At EuroPCR 2014, experts discussed the development in evidence for bioresorbable vascular scaffolds, which represent an era of vascular restoration in interventional cardiology. The available data were analysed and participants heard that bioresorbable fixed strut vascular scaffolds are associated with increased acute thrombogenicity due to flow disturbances. This means that patients who are implanted with these devices need to receive ongoing dual antiplatelet therapy, and the strategy is under discussion. The panellists also pointed out that endothelialisation is further delayed when these devices are used compared with when thin strut drug-eluting stents are used.
Tan Huay Cheem, National University Heart Centre, Singapore, said: “I think one of the greatest attractions of bioresorbable vascular scaffolds is the idea that normal vasofunction will eventually be restored. There is some evidence from imaging data to show that the plaque is modified alongside the stent dissolving. There is also positive remodelling taking place, and this vascular response is one of the most exciting aspects of the technology.”

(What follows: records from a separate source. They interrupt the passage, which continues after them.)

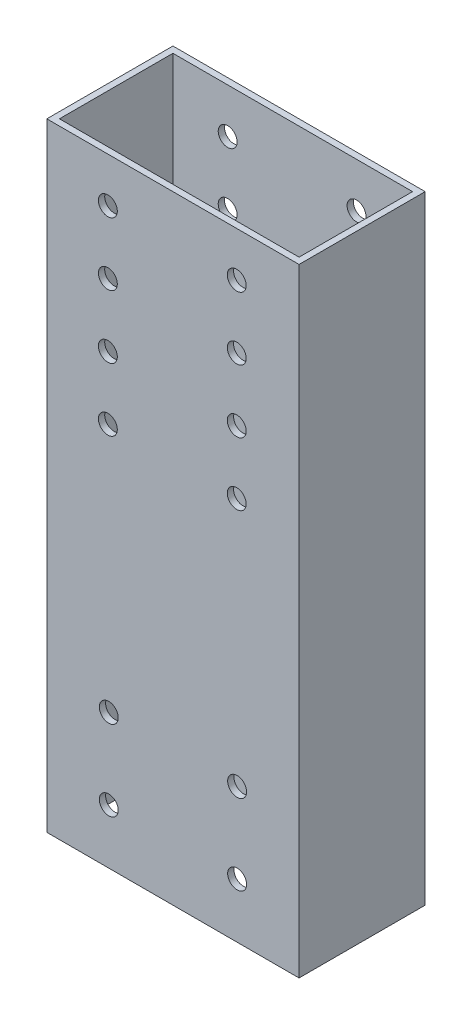
ISO-10303-21;
HEADER;
FILE_DESCRIPTION(('STEP AP214'),'2;1');
FILE_NAME('part.step','',(''),(''),'','','');
FILE_SCHEMA(('AUTOMOTIVE_DESIGN { 1 0 10303 214 1 1 1 1 }'));
ENDSEC;
DATA;
#1=APPLICATION_CONTEXT('core data for automotive mechanical design processes');
#2=APPLICATION_PROTOCOL_DEFINITION('international standard','automotive_design',2000,#1);
#3=PRODUCT_CONTEXT('',#1,'mechanical');
#4=PRODUCT('Part','Part','',(#3));
#5=PRODUCT_RELATED_PRODUCT_CATEGORY('part','',(#4));
#6=PRODUCT_DEFINITION_FORMATION('','',#4);
#7=PRODUCT_DEFINITION_CONTEXT('part definition',#1,'design');
#8=PRODUCT_DEFINITION('design','',#6,#7);
#9=PRODUCT_DEFINITION_SHAPE('','',#8);
#10=(LENGTH_UNIT() NAMED_UNIT(*) SI_UNIT(.MILLI.,.METRE.));
#11=(NAMED_UNIT(*) PLANE_ANGLE_UNIT() SI_UNIT($,.RADIAN.));
#12=(NAMED_UNIT(*) SI_UNIT($,.STERADIAN.) SOLID_ANGLE_UNIT());
#13=UNCERTAINTY_MEASURE_WITH_UNIT(LENGTH_MEASURE(1.E-05),#10,'distance_accuracy_value','');
#14=(GEOMETRIC_REPRESENTATION_CONTEXT(3) GLOBAL_UNCERTAINTY_ASSIGNED_CONTEXT((#13)) GLOBAL_UNIT_ASSIGNED_CONTEXT((#10,
#11,#12)) REPRESENTATION_CONTEXT('',''));
#15=CARTESIAN_POINT('',(0.,0.,0.));
#16=DIRECTION('',(0.,0.,1.));
#17=DIRECTION('',(1.,0.,0.));
#18=AXIS2_PLACEMENT_3D('',#15,#16,#17);
#19=CARTESIAN_POINT('',(0.,98.0000000000001,0.));
#20=DIRECTION('',(0.,-1.,0.));
#21=DIRECTION('',(0.,0.,-1.));
#22=AXIS2_PLACEMENT_3D('',#19,#20,#21);
#23=PLANE('',#22);
#24=DIRECTION('',(0.,0.,-1.));
#25=VECTOR('',#24,1.);
#26=CARTESIAN_POINT('',(20.,98.0000000000001,10.));
#27=LINE('',#26,#25);
#28=CARTESIAN_POINT('',(20.,98.0000000000001,10.));
#29=VERTEX_POINT('',#28);
#30=CARTESIAN_POINT('',(20.,98.0000000000001,-10.));
#31=VERTEX_POINT('',#30);
#32=EDGE_CURVE('E143',#29,#31,#27,.T.);
#33=ORIENTED_EDGE('',*,*,#32,.T.);
#34=DIRECTION('',(-1.,0.,0.));
#35=VECTOR('',#34,1.);
#36=CARTESIAN_POINT('',(-20.,98.0000000000001,-10.));
#37=LINE('',#36,#35);
#38=CARTESIAN_POINT('',(-20.,98.0000000000001,-10.));
#39=VERTEX_POINT('',#38);
#40=EDGE_CURVE('E146',#31,#39,#37,.T.);
#41=ORIENTED_EDGE('',*,*,#40,.T.);
#42=DIRECTION('',(0.,0.,1.));
#43=VECTOR('',#42,1.);
#44=CARTESIAN_POINT('',(-20.,98.0000000000001,10.));
#45=LINE('',#44,#43);
#46=CARTESIAN_POINT('',(-20.,98.0000000000001,10.));
#47=VERTEX_POINT('',#46);
#48=EDGE_CURVE('E149',#39,#47,#45,.T.);
#49=ORIENTED_EDGE('',*,*,#48,.T.);
#50=DIRECTION('',(1.,0.,0.));
#51=VECTOR('',#50,1.);
#52=CARTESIAN_POINT('',(-20.,98.0000000000001,10.));
#53=LINE('',#52,#51);
#54=EDGE_CURVE('E151',#47,#29,#53,.T.);
#55=ORIENTED_EDGE('',*,*,#54,.T.);
#56=EDGE_LOOP('',(#33,#41,#49,#55));
#57=FACE_BOUND('',#56,.T.);
#58=DIRECTION('',(0.,0.,-1.));
#59=VECTOR('',#58,1.);
#60=CARTESIAN_POINT('',(19.,98.0000000000001,0.));
#61=LINE('',#60,#59);
#62=CARTESIAN_POINT('',(19.,98.0000000000001,9.));
#63=VERTEX_POINT('',#62);
#64=CARTESIAN_POINT('',(19.,98.0000000000001,-9.));
#65=VERTEX_POINT('',#64);
#66=EDGE_CURVE('E131',#63,#65,#61,.T.);
#67=ORIENTED_EDGE('',*,*,#66,.F.);
#68=DIRECTION('',(1.,0.,0.));
#69=VECTOR('',#68,1.);
#70=CARTESIAN_POINT('',(0.,98.0000000000001,9.));
#71=LINE('',#70,#69);
#72=CARTESIAN_POINT('',(-19.,98.0000000000001,9.));
#73=VERTEX_POINT('',#72);
#74=EDGE_CURVE('E115',#73,#63,#71,.T.);
#75=ORIENTED_EDGE('',*,*,#74,.F.);
#76=DIRECTION('',(0.,0.,1.));
#77=VECTOR('',#76,1.);
#78=CARTESIAN_POINT('',(-19.,98.0000000000001,0.));
#79=LINE('',#78,#77);
#80=CARTESIAN_POINT('',(-19.,98.0000000000001,-9.));
#81=VERTEX_POINT('',#80);
#82=EDGE_CURVE('E140',#81,#73,#79,.T.);
#83=ORIENTED_EDGE('',*,*,#82,.F.);
#84=DIRECTION('',(-1.,0.,0.));
#85=VECTOR('',#84,1.);
#86=CARTESIAN_POINT('',(0.,98.0000000000001,-9.));
#87=LINE('',#86,#85);
#88=EDGE_CURVE('E133',#65,#81,#87,.T.);
#89=ORIENTED_EDGE('',*,*,#88,.F.);
#90=EDGE_LOOP('',(#67,#75,#83,#89));
#91=FACE_BOUND('',#90,.T.);
#92=ADVANCED_FACE('F43',(#57,#91),#23,.F.);
#93=CARTESIAN_POINT('',(0.,0.,0.));
#94=DIRECTION('',(0.,-1.,0.));
#95=DIRECTION('',(0.,0.,-1.));
#96=AXIS2_PLACEMENT_3D('',#93,#94,#95);
#97=PLANE('',#96);
#98=DIRECTION('',(0.,0.,-1.));
#99=VECTOR('',#98,1.);
#100=CARTESIAN_POINT('',(20.,0.,10.));
#101=LINE('',#100,#99);
#102=CARTESIAN_POINT('',(20.,0.,10.));
#103=VERTEX_POINT('',#102);
#104=CARTESIAN_POINT('',(20.,0.,-10.));
#105=VERTEX_POINT('',#104);
#106=EDGE_CURVE('E154',#103,#105,#101,.T.);
#107=ORIENTED_EDGE('',*,*,#106,.F.);
#108=DIRECTION('',(1.,0.,0.));
#109=VECTOR('',#108,1.);
#110=CARTESIAN_POINT('',(-20.,0.,10.));
#111=LINE('',#110,#109);
#112=CARTESIAN_POINT('',(-20.,0.,10.));
#113=VERTEX_POINT('',#112);
#114=EDGE_CURVE('E147',#113,#103,#111,.T.);
#115=ORIENTED_EDGE('',*,*,#114,.F.);
#116=DIRECTION('',(0.,0.,1.));
#117=VECTOR('',#116,1.);
#118=CARTESIAN_POINT('',(-20.,0.,10.));
#119=LINE('',#118,#117);
#120=CARTESIAN_POINT('',(-20.,0.,-10.));
#121=VERTEX_POINT('',#120);
#122=EDGE_CURVE('E159',#121,#113,#119,.T.);
#123=ORIENTED_EDGE('',*,*,#122,.F.);
#124=DIRECTION('',(-1.,0.,0.));
#125=VECTOR('',#124,1.);
#126=CARTESIAN_POINT('',(-20.,0.,-10.));
#127=LINE('',#126,#125);
#128=EDGE_CURVE('E157',#105,#121,#127,.T.);
#129=ORIENTED_EDGE('',*,*,#128,.F.);
#130=EDGE_LOOP('',(#107,#115,#123,#129));
#131=FACE_BOUND('',#130,.T.);
#132=DIRECTION('',(1.,0.,0.));
#133=VECTOR('',#132,1.);
#134=CARTESIAN_POINT('',(0.,0.,9.));
#135=LINE('',#134,#133);
#136=CARTESIAN_POINT('',(-19.,0.,9.));
#137=VERTEX_POINT('',#136);
#138=CARTESIAN_POINT('',(19.,0.,9.));
#139=VERTEX_POINT('',#138);
#140=EDGE_CURVE('E113',#137,#139,#135,.T.);
#141=ORIENTED_EDGE('',*,*,#140,.T.);
#142=DIRECTION('',(0.,0.,-1.));
#143=VECTOR('',#142,1.);
#144=CARTESIAN_POINT('',(19.,0.,0.));
#145=LINE('',#144,#143);
#146=CARTESIAN_POINT('',(19.,0.,-9.));
#147=VERTEX_POINT('',#146);
#148=EDGE_CURVE('E121',#139,#147,#145,.T.);
#149=ORIENTED_EDGE('',*,*,#148,.T.);
#150=DIRECTION('',(-1.,0.,0.));
#151=VECTOR('',#150,1.);
#152=CARTESIAN_POINT('',(0.,0.,-9.));
#153=LINE('',#152,#151);
#154=CARTESIAN_POINT('',(-19.,0.,-9.));
#155=VERTEX_POINT('',#154);
#156=EDGE_CURVE('E127',#147,#155,#153,.T.);
#157=ORIENTED_EDGE('',*,*,#156,.T.);
#158=DIRECTION('',(0.,0.,1.));
#159=VECTOR('',#158,1.);
#160=CARTESIAN_POINT('',(-19.,0.,0.));
#161=LINE('',#160,#159);
#162=EDGE_CURVE('E67',#155,#137,#161,.T.);
#163=ORIENTED_EDGE('',*,*,#162,.T.);
#164=EDGE_LOOP('',(#141,#149,#157,#163));
#165=FACE_BOUND('',#164,.T.);
#166=ADVANCED_FACE('F130',(#131,#165),#97,.T.);
#167=CARTESIAN_POINT('',(20.,98.0000000000001,10.));
#168=DIRECTION('',(-1.,0.,0.));
#169=DIRECTION('',(0.,0.,1.));
#170=AXIS2_PLACEMENT_3D('',#167,#168,#169);
#171=PLANE('',#170);
#172=ORIENTED_EDGE('',*,*,#106,.T.);
#173=DIRECTION('',(0.,-1.,0.));
#174=VECTOR('',#173,1.);
#175=CARTESIAN_POINT('',(20.,98.0000000000001,-10.));
#176=LINE('',#175,#174);
#177=EDGE_CURVE('E11',#31,#105,#176,.T.);
#178=ORIENTED_EDGE('',*,*,#177,.F.);
#179=ORIENTED_EDGE('',*,*,#32,.F.);
#180=DIRECTION('',(0.,-1.,0.));
#181=VECTOR('',#180,1.);
#182=CARTESIAN_POINT('',(20.,98.0000000000001,10.));
#183=LINE('',#182,#181);
#184=EDGE_CURVE('E153',#29,#103,#183,.T.);
#185=ORIENTED_EDGE('',*,*,#184,.T.);
#186=EDGE_LOOP('',(#172,#178,#179,#185));
#187=FACE_BOUND('',#186,.T.);
#188=ADVANCED_FACE('F45',(#187),#171,.F.);
#189=CARTESIAN_POINT('',(-20.,98.0000000000001,-10.));
#190=DIRECTION('',(0.,0.,1.));
#191=DIRECTION('',(1.,0.,0.));
#192=AXIS2_PLACEMENT_3D('',#189,#190,#191);
#193=PLANE('',#192);
#194=CARTESIAN_POINT('',(10.116242575959,60.8998336255279,-10.));
#195=DIRECTION('',(0.,0.,-1.));
#196=DIRECTION('',(-1.,0.,0.));
#197=AXIS2_PLACEMENT_3D('',#194,#195,#196);
#198=CIRCLE('',#197,1.5);
#199=CARTESIAN_POINT('',(8.61624257595895,60.8998336255279,-10.));
#200=VERTEX_POINT('',#199);
#201=EDGE_CURVE('E318',#200,#200,#198,.T.);
#202=ORIENTED_EDGE('',*,*,#201,.F.);
#203=EDGE_LOOP('',(#202));
#204=FACE_BOUND('',#203,.T.);
#205=CARTESIAN_POINT('',(10.116242575959,70.8998336255278,-10.));
#206=DIRECTION('',(0.,0.,-1.));
#207=DIRECTION('',(-1.,0.,0.));
#208=AXIS2_PLACEMENT_3D('',#205,#206,#207);
#209=CIRCLE('',#208,1.5);
#210=CARTESIAN_POINT('',(8.61624257595895,70.8998336255278,-10.));
#211=VERTEX_POINT('',#210);
#212=EDGE_CURVE('E322',#211,#211,#209,.T.);
#213=ORIENTED_EDGE('',*,*,#212,.F.);
#214=EDGE_LOOP('',(#213));
#215=FACE_BOUND('',#214,.T.);
#216=CARTESIAN_POINT('',(-10.3212201594344,70.8998336255278,-10.));
#217=DIRECTION('',(0.,0.,-1.));
#218=DIRECTION('',(-1.,0.,0.));
#219=AXIS2_PLACEMENT_3D('',#216,#217,#218);
#220=CIRCLE('',#219,1.50000000000001);
#221=CARTESIAN_POINT('',(-11.8212201594344,70.8998336255278,-10.));
#222=VERTEX_POINT('',#221);
#223=EDGE_CURVE('E326',#222,#222,#220,.T.);
#224=ORIENTED_EDGE('',*,*,#223,.F.);
#225=EDGE_LOOP('',(#224));
#226=FACE_BOUND('',#225,.T.);
#227=CARTESIAN_POINT('',(-10.3212201594344,80.8998336255279,-10.));
#228=DIRECTION('',(0.,0.,-1.));
#229=DIRECTION('',(-1.,0.,0.));
#230=AXIS2_PLACEMENT_3D('',#227,#228,#229);
#231=CIRCLE('',#230,1.50000000000001);
#232=CARTESIAN_POINT('',(-11.8212201594344,80.8998336255279,-10.));
#233=VERTEX_POINT('',#232);
#234=EDGE_CURVE('E330',#233,#233,#231,.T.);
#235=ORIENTED_EDGE('',*,*,#234,.F.);
#236=EDGE_LOOP('',(#235));
#237=FACE_BOUND('',#236,.T.);
#238=CARTESIAN_POINT('',(10.116242575959,90.8998336255278,-10.));
#239=DIRECTION('',(0.,0.,-1.));
#240=DIRECTION('',(-1.,0.,0.));
#241=AXIS2_PLACEMENT_3D('',#238,#239,#240);
#242=CIRCLE('',#241,1.5);
#243=CARTESIAN_POINT('',(8.61624257595895,90.8998336255278,-10.));
#244=VERTEX_POINT('',#243);
#245=EDGE_CURVE('E334',#244,#244,#242,.T.);
#246=ORIENTED_EDGE('',*,*,#245,.F.);
#247=EDGE_LOOP('',(#246));
#248=FACE_BOUND('',#247,.T.);
#249=CARTESIAN_POINT('',(-10.3212201594344,90.8998336255278,-10.));
#250=DIRECTION('',(0.,0.,-1.));
#251=DIRECTION('',(-1.,0.,0.));
#252=AXIS2_PLACEMENT_3D('',#249,#250,#251);
#253=CIRCLE('',#252,1.50000000000001);
#254=CARTESIAN_POINT('',(-11.8212201594344,90.8998336255278,-10.));
#255=VERTEX_POINT('',#254);
#256=EDGE_CURVE('E338',#255,#255,#253,.T.);
#257=ORIENTED_EDGE('',*,*,#256,.F.);
#258=EDGE_LOOP('',(#257));
#259=FACE_BOUND('',#258,.T.);
#260=CARTESIAN_POINT('',(10.116242575959,80.8998336255279,-10.));
#261=DIRECTION('',(0.,0.,-1.));
#262=DIRECTION('',(-1.,0.,0.));
#263=AXIS2_PLACEMENT_3D('',#260,#261,#262);
#264=CIRCLE('',#263,1.5);
#265=CARTESIAN_POINT('',(8.61624257595895,80.8998336255279,-10.));
#266=VERTEX_POINT('',#265);
#267=EDGE_CURVE('E342',#266,#266,#264,.T.);
#268=ORIENTED_EDGE('',*,*,#267,.F.);
#269=EDGE_LOOP('',(#268));
#270=FACE_BOUND('',#269,.T.);
#271=CARTESIAN_POINT('',(-10.3212201594344,60.8998336255279,-10.));
#272=DIRECTION('',(0.,0.,-1.));
#273=DIRECTION('',(-1.,0.,0.));
#274=AXIS2_PLACEMENT_3D('',#271,#272,#273);
#275=CIRCLE('',#274,1.50000000000001);
#276=CARTESIAN_POINT('',(-11.8212201594344,60.8998336255279,-10.));
#277=VERTEX_POINT('',#276);
#278=EDGE_CURVE('E193',#277,#277,#275,.T.);
#279=ORIENTED_EDGE('',*,*,#278,.F.);
#280=EDGE_LOOP('',(#279));
#281=FACE_BOUND('',#280,.T.);
#282=CARTESIAN_POINT('',(-10.1800493860339,8.6875829168602,-10.));
#283=DIRECTION('',(0.,0.,-1.));
#284=DIRECTION('',(1.,0.,0.));
#285=AXIS2_PLACEMENT_3D('',#282,#283,#284);
#286=CIRCLE('',#285,1.5);
#287=CARTESIAN_POINT('',(-8.68004938603394,8.6875829168602,-10.));
#288=VERTEX_POINT('',#287);
#289=EDGE_CURVE('E243',#288,#288,#286,.T.);
#290=ORIENTED_EDGE('',*,*,#289,.F.);
#291=EDGE_LOOP('',(#290));
#292=FACE_BOUND('',#291,.T.);
#293=CARTESIAN_POINT('',(-10.1800493860339,21.401128756432,-10.));
#294=DIRECTION('',(0.,0.,-1.));
#295=DIRECTION('',(1.,0.,0.));
#296=AXIS2_PLACEMENT_3D('',#293,#294,#295);
#297=CIRCLE('',#296,1.5);
#298=CARTESIAN_POINT('',(-8.68004938603394,21.401128756432,-10.));
#299=VERTEX_POINT('',#298);
#300=EDGE_CURVE('E247',#299,#299,#297,.T.);
#301=ORIENTED_EDGE('',*,*,#300,.F.);
#302=EDGE_LOOP('',(#301));
#303=FACE_BOUND('',#302,.T.);
#304=CARTESIAN_POINT('',(10.1800493860339,21.401128756432,-10.));
#305=DIRECTION('',(0.,0.,-1.));
#306=DIRECTION('',(-1.,0.,0.));
#307=AXIS2_PLACEMENT_3D('',#304,#305,#306);
#308=CIRCLE('',#307,1.5);
#309=CARTESIAN_POINT('',(8.68004938603394,21.401128756432,-10.));
#310=VERTEX_POINT('',#309);
#311=EDGE_CURVE('E244',#310,#310,#308,.T.);
#312=ORIENTED_EDGE('',*,*,#311,.F.);
#313=EDGE_LOOP('',(#312));
#314=FACE_BOUND('',#313,.T.);
#315=CARTESIAN_POINT('',(10.1800493860339,8.6875829168602,-10.));
#316=DIRECTION('',(0.,0.,-1.));
#317=DIRECTION('',(-1.,0.,0.));
#318=AXIS2_PLACEMENT_3D('',#315,#316,#317);
#319=CIRCLE('',#318,1.5);
#320=CARTESIAN_POINT('',(8.68004938603394,8.6875829168602,-10.));
#321=VERTEX_POINT('',#320);
#322=EDGE_CURVE('E173',#321,#321,#319,.T.);
#323=ORIENTED_EDGE('',*,*,#322,.F.);
#324=EDGE_LOOP('',(#323));
#325=FACE_BOUND('',#324,.T.);
#326=ORIENTED_EDGE('',*,*,#128,.T.);
#327=DIRECTION('',(0.,-1.,0.));
#328=VECTOR('',#327,1.);
#329=CARTESIAN_POINT('',(-20.,98.0000000000001,-10.));
#330=LINE('',#329,#328);
#331=EDGE_CURVE('E52',#39,#121,#330,.T.);
#332=ORIENTED_EDGE('',*,*,#331,.F.);
#333=ORIENTED_EDGE('',*,*,#40,.F.);
#334=ORIENTED_EDGE('',*,*,#177,.T.);
#335=EDGE_LOOP('',(#326,#332,#333,#334));
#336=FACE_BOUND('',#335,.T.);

The diversity of devices that are approaching the market was also emphasised. Michael Joner, CEO, CVPath Institute, Gaithersburg, USA, said: “There is no uniformity in these devices and no class effect. Every device needs to be assessed carefully and individually. The inflammatory response associated with these devices depends on the pace of degradation, so we need to assess how they degrade over time, and this has important implications for patient safety.”
“The long-term safety of bioresorbable vascular scaffolds will depend on various things: if we can see that arterial healing occurs over time; if full degradation occurs in the absence of excess inflammation and if we do not see too much positive remodelling, then these devices can be very beneficial to patient care,” Joner added.
“I think the technology is very interesting, but the bar that has been set by drug-eluting stents is very high and bioresorbable vascular scaffolds will need to match this, especially with regard to strut thickness and deliverability,” said Prof Chaim Lotan, Head of the Cardiovascular Insitute, Hadassah University Hospital, Jerusalem, Israel.
Lotan also commented on the lack of long-term safety data being available. “We need follow-up data of more than five years’ duration, possibly up to 10 years, because our previous experience with bare metal stents and drug-eluting stents has shown that we still see changes up to seven years. So we await long-term data for bioresorbable vascular scaffolds with regard to device behaviour and degradation patterns. We have seen cases where the stent has not yet degraded after three years and this could pose a problem for patients. Will the degradation occur as planned? Will the struts be apposed? Will we see late events such as thrombosis? All these are unanswered questions,” he said.
Robert-Jan van Geuns, University of Rotterdam, The Netherlands, pointed to the potential advantages of using bioresorbable vascular scaffolds. “In general, the data emerging are in line with the theory behind these devices: that vascular restoration therapy is going to heal vessels better than metallic stents. The long-term data has been demonstrated in non-complex patients, and we see that these patients do very well. We still need more data in more complex patients; there are now some non-randomised data available that are out to six-months, but we have to wait for the evidence in more complex patients before we can advocate the use of these devices in such patients,” he said.